• **Activity**: Your task is to repeat exactly the lines below between the line holding "#334=AXIS2_PLACEMENT_3D('',#331,#332,#333);" and the line holding "#342=CARTESIAN_POINT('',(227.5,0.,-157.5));", inclusive, and only those.

• **Material provided**:
+ + +
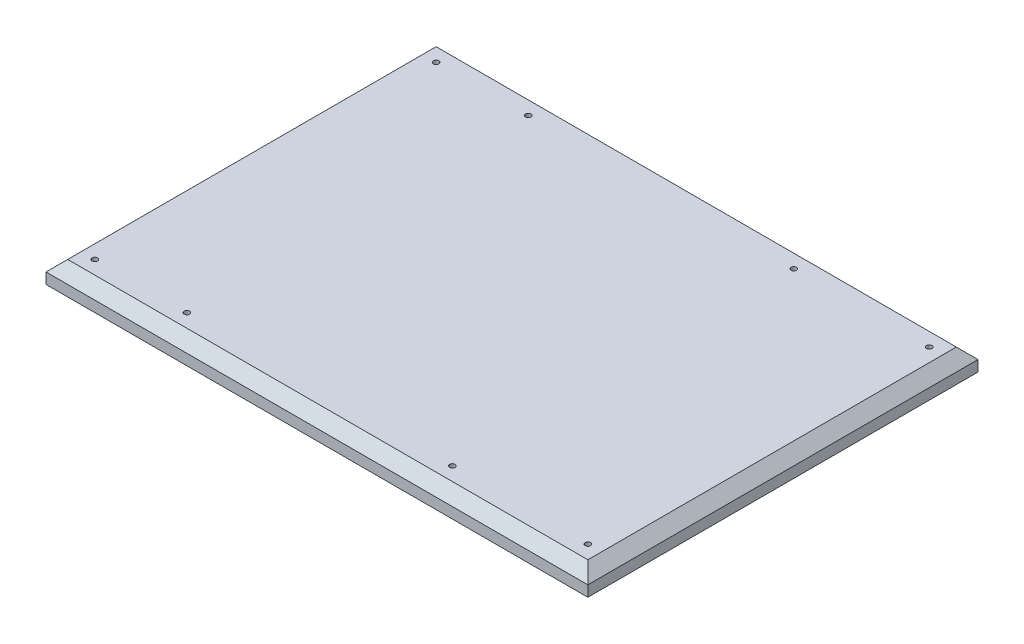
ISO-10303-21;
HEADER;
FILE_DESCRIPTION(('STEP AP214'),'2;1');
FILE_NAME('part.step','',(''),(''),'','','');
FILE_SCHEMA(('AUTOMOTIVE_DESIGN { 1 0 10303 214 1 1 1 1 }'));
ENDSEC;
DATA;
#1=APPLICATION_CONTEXT('core data for automotive mechanical design processes');
#2=APPLICATION_PROTOCOL_DEFINITION('international standard','automotive_design',2000,#1);
#3=PRODUCT_CONTEXT('',#1,'mechanical');
#4=PRODUCT('Part','Part','',(#3));
#5=PRODUCT_RELATED_PRODUCT_CATEGORY('part','',(#4));
#6=PRODUCT_DEFINITION_FORMATION('','',#4);
#7=PRODUCT_DEFINITION_CONTEXT('part definition',#1,'design');
#8=PRODUCT_DEFINITION('design','',#6,#7);
#9=PRODUCT_DEFINITION_SHAPE('','',#8);
#10=(LENGTH_UNIT() NAMED_UNIT(*) SI_UNIT(.MILLI.,.METRE.));
#11=(NAMED_UNIT(*) PLANE_ANGLE_UNIT() SI_UNIT($,.RADIAN.));
#12=(NAMED_UNIT(*) SI_UNIT($,.STERADIAN.) SOLID_ANGLE_UNIT());
#13=UNCERTAINTY_MEASURE_WITH_UNIT(LENGTH_MEASURE(1.E-05),#10,'distance_accuracy_value','');
#14=(GEOMETRIC_REPRESENTATION_CONTEXT(3) GLOBAL_UNCERTAINTY_ASSIGNED_CONTEXT((#13)) GLOBAL_UNIT_ASSIGNED_CONTEXT((#10,
#11,#12)) REPRESENTATION_CONTEXT('',''));
#15=CARTESIAN_POINT('',(0.,0.,0.));
#16=DIRECTION('',(0.,0.,1.));
#17=DIRECTION('',(1.,0.,0.));
#18=AXIS2_PLACEMENT_3D('',#15,#16,#17);
#19=CARTESIAN_POINT('',(250.,20.,-180.));
#20=DIRECTION('',(-1.,0.,0.));
#21=DIRECTION('',(0.,0.,1.));
#22=AXIS2_PLACEMENT_3D('',#19,#20,#21);
#23=PLANE('',#22);
#24=DIRECTION('',(0.,-1.,0.));
#25=VECTOR('',#24,1.);
#26=CARTESIAN_POINT('',(250.,20.,-180.));
#27=LINE('',#26,#25);
#28=CARTESIAN_POINT('',(250.,9.99999999999999,-180.));
#29=VERTEX_POINT('',#28);
#30=CARTESIAN_POINT('',(250.,0.,-180.));
#31=VERTEX_POINT('',#30);
#32=EDGE_CURVE('E84',#29,#31,#27,.T.);
#33=ORIENTED_EDGE('',*,*,#32,.F.);
#34=DIRECTION('',(0.,0.,1.));
#35=VECTOR('',#34,1.);
#36=CARTESIAN_POINT('',(250.,9.99999999999999,180.));
#37=LINE('',#36,#35);
#38=CARTESIAN_POINT('',(250.,9.99999999999999,180.));
#39=VERTEX_POINT('',#38);
#40=EDGE_CURVE('E11',#29,#39,#37,.T.);
#41=ORIENTED_EDGE('',*,*,#40,.T.);
#42=DIRECTION('',(0.,-1.,0.));
#43=VECTOR('',#42,1.);
#44=CARTESIAN_POINT('',(250.,20.,180.));
#45=LINE('',#44,#43);
#46=CARTESIAN_POINT('',(250.,0.,180.));
#47=VERTEX_POINT('',#46);
#48=EDGE_CURVE('E104',#39,#47,#45,.T.);
#49=ORIENTED_EDGE('',*,*,#48,.T.);
#50=DIRECTION('',(0.,0.,-1.));
#51=VECTOR('',#50,1.);
#52=CARTESIAN_POINT('',(250.,0.,-180.));
#53=LINE('',#52,#51);
#54=EDGE_CURVE('E99',#47,#31,#53,.T.);
#55=ORIENTED_EDGE('',*,*,#54,.T.);
#56=EDGE_LOOP('',(#33,#41,#49,#55));
#57=FACE_BOUND('',#56,.T.);
#58=ADVANCED_FACE('F32',(#57),#23,.F.);
#59=CARTESIAN_POINT('',(-250.,20.,-180.));
#60=DIRECTION('',(0.,0.,1.));
#61=DIRECTION('',(1.,0.,0.));
#62=AXIS2_PLACEMENT_3D('',#59,#60,#61);
#63=PLANE('',#62);
#64=DIRECTION('',(0.,-1.,0.));
#65=VECTOR('',#64,1.);
#66=CARTESIAN_POINT('',(-250.,20.,-180.));
#67=LINE('',#66,#65);
#68=CARTESIAN_POINT('',(-250.,9.99999999999999,-180.));
#69=VERTEX_POINT('',#68);
#70=CARTESIAN_POINT('',(-250.,0.,-180.));
#71=VERTEX_POINT('',#70);
#72=EDGE_CURVE('E93',#69,#71,#67,.T.);
#73=ORIENTED_EDGE('',*,*,#72,.F.);
#74=DIRECTION('',(1.,0.,0.));
#75=VECTOR('',#74,1.);
#76=CARTESIAN_POINT('',(250.,9.99999999999999,-180.));
#77=LINE('',#76,#75);
#78=EDGE_CURVE('E41',#69,#29,#77,.T.);
#79=ORIENTED_EDGE('',*,*,#78,.T.);
#80=ORIENTED_EDGE('',*,*,#32,.T.);
#81=DIRECTION('',(-1.,0.,0.));
#82=VECTOR('',#81,1.);
#83=CARTESIAN_POINT('',(-250.,0.,-180.));
#84=LINE('',#83,#82);
#85=EDGE_CURVE('E87',#31,#71,#84,.T.);
#86=ORIENTED_EDGE('',*,*,#85,.T.);
#87=EDGE_LOOP('',(#73,#79,#80,#86));
#88=FACE_BOUND('',#87,.T.);
#89=ADVANCED_FACE('F86',(#88),#63,.F.);
#90=CARTESIAN_POINT('',(-250.,20.,-180.));
#91=DIRECTION('',(1.,0.,0.));
#92=DIRECTION('',(0.,0.,-1.));
#93=AXIS2_PLACEMENT_3D('',#90,#91,#92);
#94=PLANE('',#93);
#95=DIRECTION('',(0.,-1.,0.));
#96=VECTOR('',#95,1.);
#97=CARTESIAN_POINT('',(-250.,20.,180.));
#98=LINE('',#97,#96);
#99=CARTESIAN_POINT('',(-250.,9.99999999999999,180.));
#100=VERTEX_POINT('',#99);
#101=CARTESIAN_POINT('',(-250.,0.,180.));
#102=VERTEX_POINT('',#101);
#103=EDGE_CURVE('E117',#100,#102,#98,.T.);
#104=ORIENTED_EDGE('',*,*,#103,.F.);
#105=DIRECTION('',(0.,0.,-1.));
#106=VECTOR('',#105,1.);
#107=CARTESIAN_POINT('',(-250.,9.99999999999999,-180.));
#108=LINE('',#107,#106);
#109=EDGE_CURVE('E56',#100,#69,#108,.T.);
#110=ORIENTED_EDGE('',*,*,#109,.T.);
#111=ORIENTED_EDGE('',*,*,#72,.T.);
#112=DIRECTION('',(0.,0.,1.));
#113=VECTOR('',#112,1.);
#114=CARTESIAN_POINT('',(-250.,0.,-180.));
#115=LINE('',#114,#113);
#116=EDGE_CURVE('E101',#71,#102,#115,.T.);
#117=ORIENTED_EDGE('',*,*,#116,.T.);
#118=EDGE_LOOP('',(#104,#110,#111,#117));
#119=FACE_BOUND('',#118,.T.);
#120=ADVANCED_FACE('F156',(#119),#94,.F.);
#121=CARTESIAN_POINT('',(-250.,20.,180.));
#122=DIRECTION('',(0.,0.,-1.));
#123=DIRECTION('',(-1.,0.,0.));
#124=AXIS2_PLACEMENT_3D('',#121,#122,#123);
#125=PLANE('',#124);
#126=ORIENTED_EDGE('',*,*,#48,.F.);
#127=DIRECTION('',(-1.,0.,0.));
#128=VECTOR('',#127,1.);
#129=CARTESIAN_POINT('',(-250.,9.99999999999999,180.));
#130=LINE('',#129,#128);
#131=EDGE_CURVE('E128',#39,#100,#130,.T.);
#132=ORIENTED_EDGE('',*,*,#131,.T.);
#133=ORIENTED_EDGE('',*,*,#103,.T.);
#134=DIRECTION('',(1.,0.,0.));
#135=VECTOR('',#134,1.);
#136=CARTESIAN_POINT('',(-250.,0.,180.));
#137=LINE('',#136,#135);
#138=EDGE_CURVE('E114',#102,#47,#137,.T.);
#139=ORIENTED_EDGE('',*,*,#138,.T.);
#140=EDGE_LOOP('',(#126,#132,#133,#139));
#141=FACE_BOUND('',#140,.T.);
#142=ADVANCED_FACE('F155',(#141),#125,.F.);
#143=CARTESIAN_POINT('',(0.,20.,0.));
#144=DIRECTION('',(0.,1.,0.));
#145=DIRECTION('',(0.,0.,1.));
#146=AXIS2_PLACEMENT_3D('',#143,#144,#145);
#147=PLANE('',#146);
#148=CARTESIAN_POINT('',(-142.5,20.,157.5));
#149=DIRECTION('',(0.,1.,0.));
#150=DIRECTION('',(0.,0.,1.));
#151=AXIS2_PLACEMENT_3D('',#148,#149,#150);
#152=CIRCLE('',#151,2.50000000000002);
#153=CARTESIAN_POINT('',(-142.5,20.,160.));
#154=VERTEX_POINT('',#153);
#155=EDGE_CURVE('E230',#154,#154,#152,.T.);
#156=ORIENTED_EDGE('',*,*,#155,.F.);
#157=EDGE_LOOP('',(#156));
#158=FACE_BOUND('',#157,.T.);
#159=CARTESIAN_POINT('',(102.5,20.,157.5));
#160=DIRECTION('',(0.,1.,0.));
#161=DIRECTION('',(0.,0.,1.));
#162=AXIS2_PLACEMENT_3D('',#159,#160,#161);
#163=CIRCLE('',#162,2.5);
#164=CARTESIAN_POINT('',(102.5,20.,160.));
#165=VERTEX_POINT('',#164);
#166=EDGE_CURVE('E235',#165,#165,#163,.T.);
#167=ORIENTED_EDGE('',*,*,#166,.F.);
#168=EDGE_LOOP('',(#167));
#169=FACE_BOUND('',#168,.T.);
#170=CARTESIAN_POINT('',(227.5,20.,157.5));
#171=DIRECTION('',(0.,1.,0.));
#172=DIRECTION('',(0.,0.,1.));
#173=AXIS2_PLACEMENT_3D('',#170,#171,#172);
#174=CIRCLE('',#173,2.5);
#175=CARTESIAN_POINT('',(227.5,20.,160.));
#176=VERTEX_POINT('',#175);
#177=EDGE_CURVE('E243',#176,#176,#174,.T.);
#178=ORIENTED_EDGE('',*,*,#177,.F.);
#179=EDGE_LOOP('',(#178));
#180=FACE_BOUND('',#179,.T.);
#181=CARTESIAN_POINT('',(-227.5,20.,-157.5));
#182=DIRECTION('',(0.,1.,0.));
#183=DIRECTION('',(0.,0.,1.));
#184=AXIS2_PLACEMENT_3D('',#181,#182,#183);
#185=CIRCLE('',#184,2.5);
#186=CARTESIAN_POINT('',(-227.5,20.,-155.));
#187=VERTEX_POINT('',#186);
#188=EDGE_CURVE('E249',#187,#187,#185,.T.);
#189=ORIENTED_EDGE('',*,*,#188,.F.);
#190=EDGE_LOOP('',(#189));
#191=FACE_BOUND('',#190,.T.);
#192=CARTESIAN_POINT('',(-142.5,20.,-157.5));
#193=DIRECTION('',(0.,1.,0.));
#194=DIRECTION('',(0.,0.,1.));
#195=AXIS2_PLACEMENT_3D('',#192,#193,#194);
#196=CIRCLE('',#195,2.50000000000002);
#197=CARTESIAN_POINT('',(-142.5,20.,-155.));
#198=VERTEX_POINT('',#197);
#199=EDGE_CURVE('E255',#198,#198,#196,.T.);
#200=ORIENTED_EDGE('',*,*,#199,.F.);
#201=EDGE_LOOP('',(#200));
#202=FACE_BOUND('',#201,.T.);
#203=CARTESIAN_POINT('',(102.5,20.,-157.5));
#204=DIRECTION('',(0.,1.,0.));
#205=DIRECTION('',(0.,0.,1.));
#206=AXIS2_PLACEMENT_3D('',#203,#204,#205);
#207=CIRCLE('',#206,2.5);
#208=CARTESIAN_POINT('',(102.5,20.,-155.));
#209=VERTEX_POINT('',#208);
#210=EDGE_CURVE('E261',#209,#209,#207,.T.);
#211=ORIENTED_EDGE('',*,*,#210,.F.);
#212=EDGE_LOOP('',(#211));
#213=FACE_BOUND('',#212,.T.);
#214=CARTESIAN_POINT('',(227.5,20.,-157.5));
#215=DIRECTION('',(0.,1.,0.));
#216=DIRECTION('',(0.,0.,1.));
#217=AXIS2_PLACEMENT_3D('',#214,#215,#216);
#218=CIRCLE('',#217,2.5);
#219=CARTESIAN_POINT('',(227.5,20.,-155.));
#220=VERTEX_POINT('',#219);
#221=EDGE_CURVE('E267',#220,#220,#218,.T.);
#222=ORIENTED_EDGE('',*,*,#221,.F.);
#223=EDGE_LOOP('',(#222));
#224=FACE_BOUND('',#223,.T.);
#225=CARTESIAN_POINT('',(-227.5,20.,157.5));
#226=DIRECTION('',(0.,1.,0.));
#227=DIRECTION('',(0.,0.,1.));
#228=AXIS2_PLACEMENT_3D('',#225,#226,#227);
#229=CIRCLE('',#228,2.5);
#230=CARTESIAN_POINT('',(-227.5,20.,160.));
#231=VERTEX_POINT('',#230);
#232=EDGE_CURVE('E110',#231,#231,#229,.T.);
#233=ORIENTED_EDGE('',*,*,#232,.F.);
#234=EDGE_LOOP('',(#233));
#235=FACE_BOUND('',#234,.T.);
#236=DIRECTION('',(0.,0.,1.));
#237=VECTOR('',#236,1.);
#238=CARTESIAN_POINT('',(-240.,20.,180.));
#239=LINE('',#238,#237);
#240=CARTESIAN_POINT('',(-240.,20.,-170.));
#241=VERTEX_POINT('',#240);
#242=CARTESIAN_POINT('',(-240.,20.,170.));
#243=VERTEX_POINT('',#242);
#244=EDGE_CURVE('E123',#241,#243,#239,.T.);
#245=ORIENTED_EDGE('',*,*,#244,.T.);
#246=DIRECTION('',(1.,0.,0.));
#247=VECTOR('',#246,1.);
#248=CARTESIAN_POINT('',(250.,20.,170.));
#249=LINE('',#248,#247);
#250=CARTESIAN_POINT('',(240.,20.,170.));
#251=VERTEX_POINT('',#250);
#252=EDGE_CURVE('E125',#243,#251,#249,.T.);
#253=ORIENTED_EDGE('',*,*,#252,.T.);
#254=DIRECTION('',(0.,0.,-1.));
#255=VECTOR('',#254,1.);
#256=CARTESIAN_POINT('',(240.,20.,-180.));
#257=LINE('',#256,#255);
#258=CARTESIAN_POINT('',(240.,20.,-170.));
#259=VERTEX_POINT('',#258);
#260=EDGE_CURVE('E92',#251,#259,#257,.T.);
#261=ORIENTED_EDGE('',*,*,#260,.T.);
#262=DIRECTION('',(-1.,0.,0.));
#263=VECTOR('',#262,1.);
#264=CARTESIAN_POINT('',(-250.,20.,-170.));
#265=LINE('',#264,#263);
#266=EDGE_CURVE('E121',#259,#241,#265,.T.);
#267=ORIENTED_EDGE('',*,*,#266,.T.);
#268=EDGE_LOOP('',(#245,#253,#261,#267));
#269=FACE_BOUND('',#268,.T.);
#270=ADVANCED_FACE('F148',(#158,#169,#180,#191,#202,#213,#224,#235,#269),#147,.T.);
#271=CARTESIAN_POINT('',(0.,0.,0.));
#272=DIRECTION('',(0.,1.,0.));
#273=DIRECTION('',(0.,0.,1.));
#274=AXIS2_PLACEMENT_3D('',#271,#272,#273);
#275=PLANE('',#274);
#276=CARTESIAN_POINT('',(-142.5,0.,157.5));
#277=DIRECTION('',(0.,1.,0.));
#278=DIRECTION('',(0.,0.,1.));
#279=AXIS2_PLACEMENT_3D('',#276,#277,#278);
#280=CIRCLE('',#279,2.50000000000002);
#281=CARTESIAN_POINT('',(-142.5,0.,160.));
#282=VERTEX_POINT('',#281);
#283=EDGE_CURVE('E227',#282,#282,#280,.T.);
#284=ORIENTED_EDGE('',*,*,#283,.T.);
#285=EDGE_LOOP('',(#284));
#286=FACE_BOUND('',#285,.T.);
#287=CARTESIAN_POINT('',(102.5,0.,157.5));
#288=DIRECTION('',(0.,1.,0.));
#289=DIRECTION('',(0.,0.,1.));
#290=AXIS2_PLACEMENT_3D('',#287,#288,#289);
#291=CIRCLE('',#290,2.5);
#292=CARTESIAN_POINT('',(102.5,0.,160.));
#293=VERTEX_POINT('',#292);
#294=EDGE_CURVE('E231',#293,#293,#291,.T.);
#295=ORIENTED_EDGE('',*,*,#294,.T.);
#296=EDGE_LOOP('',(#295));
#297=FACE_BOUND('',#296,.T.);
#298=CARTESIAN_POINT('',(227.5,0.,157.5));
#299=DIRECTION('',(0.,1.,0.));
#300=DIRECTION('',(0.,0.,1.));
#301=AXIS2_PLACEMENT_3D('',#298,#299,#300);
#302=CIRCLE('',#301,2.5);
#303=CARTESIAN_POINT('',(227.5,0.,160.));
#304=VERTEX_POINT('',#303);
#305=EDGE_CURVE('E240',#304,#304,#302,.T.);
#306=ORIENTED_EDGE('',*,*,#305,.T.);
#307=EDGE_LOOP('',(#306));
#308=FACE_BOUND('',#307,.T.);
#309=CARTESIAN_POINT('',(-227.5,0.,-157.5));
#310=DIRECTION('',(0.,1.,0.));
#311=DIRECTION('',(0.,0.,1.));
#312=AXIS2_PLACEMENT_3D('',#309,#310,#311);
#313=CIRCLE('',#312,2.5);
#314=CARTESIAN_POINT('',(-227.5,0.,-155.));
#315=VERTEX_POINT('',#314);
#316=EDGE_CURVE('E246',#315,#315,#313,.T.);
#317=ORIENTED_EDGE('',*,*,#316,.T.);
#318=EDGE_LOOP('',(#317));
#319=FACE_BOUND('',#318,.T.);
#320=CARTESIAN_POINT('',(-142.5,0.,-157.5));
#321=DIRECTION('',(0.,1.,0.));
#322=DIRECTION('',(0.,0.,1.));
#323=AXIS2_PLACEMENT_3D('',#320,#321,#322);
#324=CIRCLE('',#323,2.50000000000002);
#325=CARTESIAN_POINT('',(-142.5,0.,-155.));
#326=VERTEX_POINT('',#325);
#327=EDGE_CURVE('E252',#326,#326,#324,.T.);
#328=ORIENTED_EDGE('',*,*,#327,.T.);
#329=EDGE_LOOP('',(#328));
#330=FACE_BOUND('',#329,.T.);
#331=CARTESIAN_POINT('',(102.5,0.,-157.5));
#332=DIRECTION('',(0.,1.,0.));
#333=DIRECTION('',(0.,0.,1.));
#334=AXIS2_PLACEMENT_3D('',#331,#332,#333);
#335=CIRCLE('',#334,2.5);
#336=CARTESIAN_POINT('',(102.5,0.,-155.));
#337=VERTEX_POINT('',#336);
#338=EDGE_CURVE('E258',#337,#337,#335,.T.);
#339=ORIENTED_EDGE('',*,*,#338,.T.);
#340=EDGE_LOOP('',(#339));
#341=FACE_BOUND('',#340,.T.);
#342=CARTESIAN_POINT('',(227.5,0.,-157.5));
#343=DIRECTION('',(0.,1.,0.));
#344=DIRECTION('',(0.,0.,1.));
#345=AXIS2_PLACEMENT_3D('',#342,#343,#344);
#346=CIRCLE('',#345,2.5);
#347=CARTESIAN_POINT('',(227.5,0.,-155.));
#348=VERTEX_POINT('',#347);
#349=EDGE_CURVE('E264',#348,#348,#346,.T.);
#350=ORIENTED_EDGE('',*,*,#349,.T.);
#351=EDGE_LOOP('',(#350));
#352=FACE_BOUND('',#351,.T.);
#353=CARTESIAN_POINT('',(-227.5,0.,157.5));
#354=DIRECTION('',(0.,1.,0.));
#355=DIRECTION('',(0.,0.,1.));
#356=AXIS2_PLACEMENT_3D('',#353,#354,#355);
#357=CIRCLE('',#356,2.5);
#358=CARTESIAN_POINT('',(-227.5,0.,160.));
#359=VERTEX_POINT('',#358);
#360=EDGE_CURVE('E136',#359,#359,#357,.T.);
#361=ORIENTED_EDGE('',*,*,#360,.T.);
#362=EDGE_LOOP('',(#361));
#363=FACE_BOUND('',#362,.T.);
#364=ORIENTED_EDGE('',*,*,#54,.F.);
#365=ORIENTED_EDGE('',*,*,#138,.F.);
#366=ORIENTED_EDGE('',*,*,#116,.F.);
#367=ORIENTED_EDGE('',*,*,#85,.F.);
#368=EDGE_LOOP('',(#364,#365,#366,#367));
#369=FACE_BOUND('',#368,.T.);
#370=ADVANCED_FACE('F97',(#286,#297,#308,#319,#330,#341,#352,#363,#369),#275,.F.);
#371=CARTESIAN_POINT('',(0.,20.,-170.));
#372=DIRECTION('',(0.,0.707106781186549,-0.707106781186545));
#373=DIRECTION('',(1.,0.,0.));
#374=AXIS2_PLACEMENT_3D('',#371,#372,#373);
#375=PLANE('',#374);
#376=DIRECTION('',(-0.577350269189628,0.577350269189623,0.577350269189626));
#377=VECTOR('',#376,1.);
#378=CARTESIAN_POINT('',(183.333333333333,76.6666666666664,-113.333333333333));
#379=LINE('',#378,#377);
#380=EDGE_CURVE('E108',#29,#259,#379,.T.);
#381=ORIENTED_EDGE('',*,*,#380,.F.);
#382=ORIENTED_EDGE('',*,*,#78,.F.);
#383=DIRECTION('',(0.577350269189625,0.577350269189624,0.577350269189628));
#384=VECTOR('',#383,1.);
#385=CARTESIAN_POINT('',(-160.,99.9999999999997,-89.9999999999998));
#386=LINE('',#385,#384);
#387=EDGE_CURVE('E36',#241,#69,#386,.F.);
#388=ORIENTED_EDGE('',*,*,#387,.F.);
#389=ORIENTED_EDGE('',*,*,#266,.F.);
#390=EDGE_LOOP('',(#381,#382,#388,#389));
#391=FACE_BOUND('',#390,.T.);
#392=ADVANCED_FACE('F34',(#391),#375,.T.);
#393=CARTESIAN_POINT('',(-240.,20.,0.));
+ + +
• **The answer**:
#334=AXIS2_PLACEMENT_3D('',#331,#332,#333);
#335=CIRCLE('',#334,2.5);
#336=CARTESIAN_POINT('',(102.5,0.,-155.));
#337=VERTEX_POINT('',#336);
#338=EDGE_CURVE('E258',#337,#337,#335,.T.);
#339=ORIENTED_EDGE('',*,*,#338,.T.);
#340=EDGE_LOOP('',(#339));
#341=FACE_BOUND('',#340,.T.);
#342=CARTESIAN_POINT('',(227.5,0.,-157.5));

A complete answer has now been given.